Green cowl orchid

Scientific classification
- Kingdom: Plantae
- Clade: Embryophytes
- Clade: Tracheophytes
- Clade: Spermatophytes
- Clade: Angiosperms
- Clade: Monocots
- Order: Asparagales
- Family: Orchidaceae
- Subfamily: Epidendroideae
- Genus: Bulbophyllum
- Species: B. nematopodum
- Binomial name: Bulbophyllum nematopodum F.Muell.
- Synonyms: Bolbophyllum nematopodum F.Muell. orth. var.; Papulipetalum nematopodum (F.Muell.) M.A.Clem. & D.L.Jones; Phyllorchis nematopoda Kuntze orth. var.; Phyllorkis nematopoda (F.Muell.) Kuntze;

= Bulbophyllum nematopodum =

- Genus: Bulbophyllum
- Species: nematopodum
- Authority: F.Muell.
- Synonyms: Bolbophyllum nematopodum F.Muell. orth. var., Papulipetalum nematopodum (F.Muell.) M.A.Clem. & D.L.Jones, Phyllorchis nematopoda Kuntze orth. var., Phyllorkis nematopoda (F.Muell.) Kuntze

Species of orchid

Bulbophyllum nematopodum, commonly known as the green cowl orchid, is a species of epiphytic or lithophytic orchid that has small, flask-shaped pseudobulbs pressed against the surface on which it grows. Each pseudobulb has roots at its base, a single shiny, fleshy leaf and a single cream-coloured flower with red spots on its top. It grows on trees and rocks in rainforest and is endemic to tropical North Queensland.

==Description==
Bulbophyllum nematopodum is an epiphytic or lithophytic herb that has crowded. flask-shaped pseudobulbs 12-20 mm long, 7-9 mm wide with a long narrow neck and pressed against the substrate. Each pseudobulb has an egg-shaped leaf 70-130 mm long and 15-20 mm wide on a stalk 20-30 mm. A single cream-coloured or pale green flower with red spots, 8-10 mm long and 10-12 mm wide is borne on a thread-like flowering stem 50-70 mm long. The dorsal sepal is 6-8 mm long, 3-4 mm wide and the lateral sepals are 8-10 mm long and 4-5 mm wide. The petals are about 2 mm long and 1 mm wide. The labellum is pink to red, oblong, about 3 mm long, 1.5 mm wide, fleshy and curved. Flowering occurs from September to November.

==Taxonomy and naming==
Bulbophyllum nematopodum was first formally described in 1873 by Ferdinand von Mueller who published the description in Fragmenta phytographiae Australiae from a specimen collected by John Dallachy near Rockingham Bay.

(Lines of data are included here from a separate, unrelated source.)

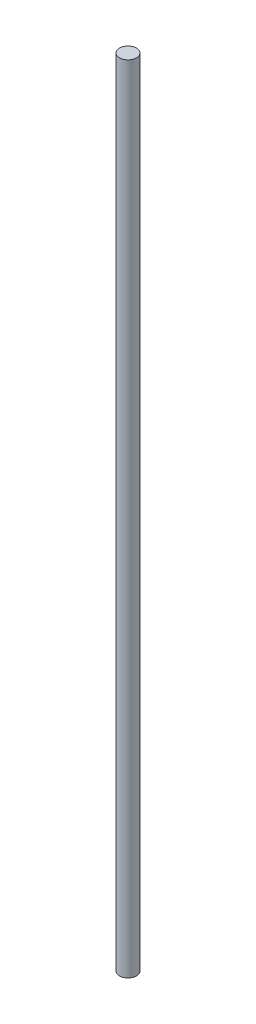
from build123d import *

# Parameters (mm, degrees)
SKETCH1_R           = 4
BOSS_EXTRUDE1_DEPTH = 375


with BuildPart() as part:
    # Sketch1 → Boss-Extrude1 (new body)
    with BuildSketch(Plane(origin=(0, 0, 0), x_dir=(1, 0, 0), z_dir=(0, 1, 0))):
        with Locations(Location((-18.560010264, 5.700078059, 0), (0, 0, 270))):
            Circle(SKETCH1_R)
    extrude(amount=BOSS_EXTRUDE1_DEPTH)


solid = part.part

The specific epithet (nematopodum) is derived from the Ancient Greek words nema meaning "thread" and pous meaning “foot”.

==Distribution and habitat==
The green cowl orchid grows on trees and rocks in rainforest where mists are common. It is found between the Cedar Bay National Park and the Paluma Range National Park.